Traditional analysis of commit histories tend to focus on simple summary statistics like numbers of commits or lines of code often to create a leaderboard ranking of authors. This report takes history analysis a step further by looking at author trends from a macro level, rather than at an indvidual level. The goal of this analysis is to discover what the commit history can tell us about a project’s overall activity level, trends, and growth potential.
This report serves two purposes. The original inspiration came from a request to better understand how Github was determining the contributor metrics it was reporting on it’s website for the Tensorflow project. The second purpose is to test and refine participation metrics from other ongoing research efforts that could identify a high activity, growing project.
This notebook lives in Github and is the first in a series: https://github.com/countering-bean-counting/commit-log-chronology/tensorflow-commit-log
To use this notebook, you first need to clone the Tensorflow repository (ideally in the “data” folder within the same location as this notebook).

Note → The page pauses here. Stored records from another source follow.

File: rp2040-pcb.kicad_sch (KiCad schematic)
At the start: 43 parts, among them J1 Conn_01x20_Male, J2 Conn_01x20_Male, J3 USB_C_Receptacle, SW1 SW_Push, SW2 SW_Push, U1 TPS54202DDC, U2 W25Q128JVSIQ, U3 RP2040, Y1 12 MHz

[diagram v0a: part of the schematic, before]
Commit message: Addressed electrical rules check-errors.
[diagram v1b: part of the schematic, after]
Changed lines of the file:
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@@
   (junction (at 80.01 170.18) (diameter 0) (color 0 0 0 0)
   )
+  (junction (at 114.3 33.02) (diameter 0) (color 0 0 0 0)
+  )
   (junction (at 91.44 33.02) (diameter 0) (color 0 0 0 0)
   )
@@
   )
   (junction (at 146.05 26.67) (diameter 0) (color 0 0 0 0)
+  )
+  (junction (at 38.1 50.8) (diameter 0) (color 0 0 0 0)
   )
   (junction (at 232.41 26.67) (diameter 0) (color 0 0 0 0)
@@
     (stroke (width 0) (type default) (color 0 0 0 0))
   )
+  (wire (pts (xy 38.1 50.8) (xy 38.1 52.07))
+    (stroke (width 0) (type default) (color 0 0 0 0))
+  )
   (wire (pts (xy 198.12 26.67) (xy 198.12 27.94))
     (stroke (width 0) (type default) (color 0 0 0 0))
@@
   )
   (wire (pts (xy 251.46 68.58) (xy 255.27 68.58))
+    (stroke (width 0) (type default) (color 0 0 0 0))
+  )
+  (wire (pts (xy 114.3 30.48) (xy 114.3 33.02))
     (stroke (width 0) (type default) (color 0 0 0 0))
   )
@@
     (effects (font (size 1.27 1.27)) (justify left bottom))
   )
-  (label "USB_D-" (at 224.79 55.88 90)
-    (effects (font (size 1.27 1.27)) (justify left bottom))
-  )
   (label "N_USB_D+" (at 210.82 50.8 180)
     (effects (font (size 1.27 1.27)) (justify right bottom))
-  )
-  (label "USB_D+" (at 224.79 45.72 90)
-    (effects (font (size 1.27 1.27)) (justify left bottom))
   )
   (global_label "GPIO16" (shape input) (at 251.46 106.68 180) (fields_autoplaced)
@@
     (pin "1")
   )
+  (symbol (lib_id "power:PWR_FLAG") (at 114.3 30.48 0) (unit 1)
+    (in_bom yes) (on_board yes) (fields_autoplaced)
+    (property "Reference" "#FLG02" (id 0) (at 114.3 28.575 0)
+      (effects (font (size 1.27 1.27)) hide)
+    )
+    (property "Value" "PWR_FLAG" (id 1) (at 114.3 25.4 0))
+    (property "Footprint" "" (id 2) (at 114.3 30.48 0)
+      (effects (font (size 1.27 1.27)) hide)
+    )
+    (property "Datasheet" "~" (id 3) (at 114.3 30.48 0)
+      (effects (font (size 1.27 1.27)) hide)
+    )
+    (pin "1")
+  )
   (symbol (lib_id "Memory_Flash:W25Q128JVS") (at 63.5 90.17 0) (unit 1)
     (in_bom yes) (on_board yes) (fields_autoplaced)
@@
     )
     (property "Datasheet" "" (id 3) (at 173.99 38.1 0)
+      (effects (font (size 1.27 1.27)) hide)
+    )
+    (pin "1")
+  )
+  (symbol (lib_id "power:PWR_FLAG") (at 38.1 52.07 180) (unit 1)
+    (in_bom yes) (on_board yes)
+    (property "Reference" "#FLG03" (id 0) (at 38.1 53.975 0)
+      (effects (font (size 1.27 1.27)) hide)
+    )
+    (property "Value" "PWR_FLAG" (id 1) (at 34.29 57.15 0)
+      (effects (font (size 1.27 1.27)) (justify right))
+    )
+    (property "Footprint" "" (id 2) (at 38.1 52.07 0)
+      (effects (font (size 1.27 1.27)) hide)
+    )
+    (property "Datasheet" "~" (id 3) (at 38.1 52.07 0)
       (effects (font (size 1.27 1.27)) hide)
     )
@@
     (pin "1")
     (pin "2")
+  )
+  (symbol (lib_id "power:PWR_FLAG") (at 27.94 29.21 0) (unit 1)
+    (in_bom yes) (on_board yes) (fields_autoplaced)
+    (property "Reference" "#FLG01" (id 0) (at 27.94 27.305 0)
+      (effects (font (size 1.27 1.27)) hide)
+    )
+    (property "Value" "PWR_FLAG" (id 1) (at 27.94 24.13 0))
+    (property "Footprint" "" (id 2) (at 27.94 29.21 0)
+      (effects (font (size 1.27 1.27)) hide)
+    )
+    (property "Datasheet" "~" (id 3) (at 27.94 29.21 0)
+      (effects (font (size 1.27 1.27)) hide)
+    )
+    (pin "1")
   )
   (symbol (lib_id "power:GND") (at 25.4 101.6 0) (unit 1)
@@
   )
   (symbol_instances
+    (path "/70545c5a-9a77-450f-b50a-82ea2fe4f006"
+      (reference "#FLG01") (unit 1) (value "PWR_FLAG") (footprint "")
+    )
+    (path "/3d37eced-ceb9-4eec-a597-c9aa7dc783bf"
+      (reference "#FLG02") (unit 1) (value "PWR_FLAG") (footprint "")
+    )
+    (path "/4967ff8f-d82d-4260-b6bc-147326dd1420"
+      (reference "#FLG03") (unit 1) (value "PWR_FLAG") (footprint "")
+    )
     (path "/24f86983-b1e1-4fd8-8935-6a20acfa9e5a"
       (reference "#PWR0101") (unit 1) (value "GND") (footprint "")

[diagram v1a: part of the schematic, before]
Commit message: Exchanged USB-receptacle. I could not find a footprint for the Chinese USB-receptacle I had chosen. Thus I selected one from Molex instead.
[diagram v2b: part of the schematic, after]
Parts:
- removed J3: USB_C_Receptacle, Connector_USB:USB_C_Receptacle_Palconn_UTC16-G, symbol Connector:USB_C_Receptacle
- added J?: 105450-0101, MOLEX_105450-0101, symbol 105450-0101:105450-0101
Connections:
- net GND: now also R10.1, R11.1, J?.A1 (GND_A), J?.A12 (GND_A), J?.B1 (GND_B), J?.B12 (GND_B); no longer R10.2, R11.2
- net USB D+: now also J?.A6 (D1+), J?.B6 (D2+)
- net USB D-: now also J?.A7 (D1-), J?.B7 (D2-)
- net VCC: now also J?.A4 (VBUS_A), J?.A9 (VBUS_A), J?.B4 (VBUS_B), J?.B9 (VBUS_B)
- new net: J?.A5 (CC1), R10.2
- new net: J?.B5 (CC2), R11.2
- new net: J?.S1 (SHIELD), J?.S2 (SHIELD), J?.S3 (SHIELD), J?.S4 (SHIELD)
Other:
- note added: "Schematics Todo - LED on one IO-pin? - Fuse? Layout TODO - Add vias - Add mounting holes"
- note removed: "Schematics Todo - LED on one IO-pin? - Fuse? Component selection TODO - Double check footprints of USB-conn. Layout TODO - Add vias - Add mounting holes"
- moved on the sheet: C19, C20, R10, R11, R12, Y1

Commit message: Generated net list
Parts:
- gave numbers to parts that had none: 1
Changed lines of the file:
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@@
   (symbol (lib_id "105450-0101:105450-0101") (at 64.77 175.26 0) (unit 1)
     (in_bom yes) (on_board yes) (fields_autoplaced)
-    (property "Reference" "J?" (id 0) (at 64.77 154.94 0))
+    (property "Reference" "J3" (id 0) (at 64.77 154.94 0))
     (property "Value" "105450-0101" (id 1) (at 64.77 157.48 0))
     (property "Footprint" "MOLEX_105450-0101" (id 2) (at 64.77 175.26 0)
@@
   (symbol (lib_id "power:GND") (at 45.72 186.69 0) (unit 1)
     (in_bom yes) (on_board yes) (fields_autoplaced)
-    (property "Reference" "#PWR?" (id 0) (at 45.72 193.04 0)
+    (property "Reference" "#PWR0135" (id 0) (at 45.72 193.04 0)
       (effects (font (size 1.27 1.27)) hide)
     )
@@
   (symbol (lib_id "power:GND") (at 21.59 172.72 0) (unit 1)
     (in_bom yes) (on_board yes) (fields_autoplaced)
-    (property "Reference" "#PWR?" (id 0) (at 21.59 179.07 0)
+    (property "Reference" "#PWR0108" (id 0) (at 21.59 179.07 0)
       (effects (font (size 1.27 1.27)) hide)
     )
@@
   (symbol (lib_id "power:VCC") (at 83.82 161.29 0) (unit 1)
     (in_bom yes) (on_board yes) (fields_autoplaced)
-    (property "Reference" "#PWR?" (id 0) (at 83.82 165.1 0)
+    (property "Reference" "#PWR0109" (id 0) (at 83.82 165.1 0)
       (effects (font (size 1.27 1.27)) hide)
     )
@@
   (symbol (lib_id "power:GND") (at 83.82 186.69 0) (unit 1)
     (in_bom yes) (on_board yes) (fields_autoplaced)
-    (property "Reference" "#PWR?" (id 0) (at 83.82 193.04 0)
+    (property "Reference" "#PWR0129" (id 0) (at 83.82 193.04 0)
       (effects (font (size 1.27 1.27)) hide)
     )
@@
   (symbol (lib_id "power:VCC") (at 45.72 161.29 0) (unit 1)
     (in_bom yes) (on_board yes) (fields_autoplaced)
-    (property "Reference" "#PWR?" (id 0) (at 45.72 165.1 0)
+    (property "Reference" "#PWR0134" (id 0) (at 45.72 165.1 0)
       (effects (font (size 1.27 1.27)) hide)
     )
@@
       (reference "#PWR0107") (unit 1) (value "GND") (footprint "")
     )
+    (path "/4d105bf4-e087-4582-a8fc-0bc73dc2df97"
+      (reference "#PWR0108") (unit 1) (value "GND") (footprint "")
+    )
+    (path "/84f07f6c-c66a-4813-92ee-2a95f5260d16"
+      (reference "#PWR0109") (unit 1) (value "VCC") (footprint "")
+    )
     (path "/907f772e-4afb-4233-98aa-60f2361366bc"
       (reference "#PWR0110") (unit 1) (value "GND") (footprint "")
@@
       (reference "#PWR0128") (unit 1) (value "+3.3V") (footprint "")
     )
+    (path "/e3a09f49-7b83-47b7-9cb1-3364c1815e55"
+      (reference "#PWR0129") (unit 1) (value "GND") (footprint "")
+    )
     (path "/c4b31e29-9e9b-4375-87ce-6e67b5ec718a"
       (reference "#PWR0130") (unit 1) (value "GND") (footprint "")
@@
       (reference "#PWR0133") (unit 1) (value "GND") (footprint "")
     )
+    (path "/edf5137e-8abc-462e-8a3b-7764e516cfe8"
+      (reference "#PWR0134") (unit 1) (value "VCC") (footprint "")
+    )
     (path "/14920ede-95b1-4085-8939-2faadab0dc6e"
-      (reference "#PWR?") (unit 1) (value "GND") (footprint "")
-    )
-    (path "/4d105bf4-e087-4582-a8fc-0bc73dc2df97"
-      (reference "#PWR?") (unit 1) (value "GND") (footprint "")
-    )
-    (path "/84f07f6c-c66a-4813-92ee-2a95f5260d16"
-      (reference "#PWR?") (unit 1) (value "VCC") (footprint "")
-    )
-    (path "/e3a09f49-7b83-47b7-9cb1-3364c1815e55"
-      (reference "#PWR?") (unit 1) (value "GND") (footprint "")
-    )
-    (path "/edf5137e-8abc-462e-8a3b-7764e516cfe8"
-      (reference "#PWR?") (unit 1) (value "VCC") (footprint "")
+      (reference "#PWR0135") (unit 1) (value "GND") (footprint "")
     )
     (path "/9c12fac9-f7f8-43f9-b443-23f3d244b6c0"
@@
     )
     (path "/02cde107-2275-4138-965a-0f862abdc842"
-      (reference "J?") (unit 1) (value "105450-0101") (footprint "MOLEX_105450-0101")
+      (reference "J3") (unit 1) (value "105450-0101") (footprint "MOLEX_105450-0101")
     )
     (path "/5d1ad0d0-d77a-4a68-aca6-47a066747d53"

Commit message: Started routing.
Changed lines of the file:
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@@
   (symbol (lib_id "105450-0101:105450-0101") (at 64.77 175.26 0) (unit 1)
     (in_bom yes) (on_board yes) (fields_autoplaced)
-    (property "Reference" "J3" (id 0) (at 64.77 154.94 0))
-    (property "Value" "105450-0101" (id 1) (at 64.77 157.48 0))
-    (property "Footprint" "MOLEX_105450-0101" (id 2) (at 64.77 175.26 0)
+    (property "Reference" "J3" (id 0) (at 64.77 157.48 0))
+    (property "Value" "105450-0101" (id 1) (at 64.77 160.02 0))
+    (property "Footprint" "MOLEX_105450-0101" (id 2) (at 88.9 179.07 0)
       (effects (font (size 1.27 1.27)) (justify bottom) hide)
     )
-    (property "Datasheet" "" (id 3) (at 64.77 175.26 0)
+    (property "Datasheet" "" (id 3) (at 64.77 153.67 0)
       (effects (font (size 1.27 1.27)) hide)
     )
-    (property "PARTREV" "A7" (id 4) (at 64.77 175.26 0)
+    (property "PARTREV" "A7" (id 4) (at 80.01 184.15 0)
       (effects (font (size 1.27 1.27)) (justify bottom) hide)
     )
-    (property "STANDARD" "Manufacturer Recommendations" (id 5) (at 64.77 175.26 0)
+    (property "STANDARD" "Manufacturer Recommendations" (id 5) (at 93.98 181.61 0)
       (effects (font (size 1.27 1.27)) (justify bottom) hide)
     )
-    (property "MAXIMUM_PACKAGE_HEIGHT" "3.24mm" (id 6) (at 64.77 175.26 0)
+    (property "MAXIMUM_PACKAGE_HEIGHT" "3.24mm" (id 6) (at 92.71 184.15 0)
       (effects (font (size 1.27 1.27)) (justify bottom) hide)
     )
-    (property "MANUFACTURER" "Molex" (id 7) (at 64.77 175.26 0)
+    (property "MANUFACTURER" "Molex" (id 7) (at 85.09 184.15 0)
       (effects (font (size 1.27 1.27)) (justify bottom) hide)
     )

# Clone the repo into the data directory for this project
paste0("git clone ", params$git_url, " ", getwd(),'/', params$git_path, "/", params$git_repo)
## [1] "git clone git@github.com:tensorflow/tensorflow.git /home/auggy/dev/R/countering-bean-counting/commit-log-chronology/tensorflow-commit-log/data/tensorflow"
# Get the current SHA and update the params
gitlog_sha <- system(paste0("cd ", params$git_path, "/", params$git_repo,
"; git rev-parse HEAD"), intern = TRUE)
This notebook sets the SHA used for the analysis as a parameter to ensure reproducibility. If you want to run this against the latest changes, update the SHA in the parameters to the latest one in your local repository.
git_log_cmd <- paste0('cd ', params$git_path,"/", params$git_repo,
'; git log ', gitlog_sha,
#' --no-merges ',
' --date=short --pretty=tformat:"%ad|%an|%ae|%cd|%cn|%ce|%h" > ', "../", params$gitlog_out)
system(git_log_cmd)
git_log_cmd
## [1] "cd data/tensorflow; git log 16625e97c5fa041dc40f29c1f57a0e92047123ba --date=short --pretty=tformat:\"%ad|%an|%ae|%cd|%cn|%ce|%h\" > ../gitlog_tensorflow_tensorflow.txt"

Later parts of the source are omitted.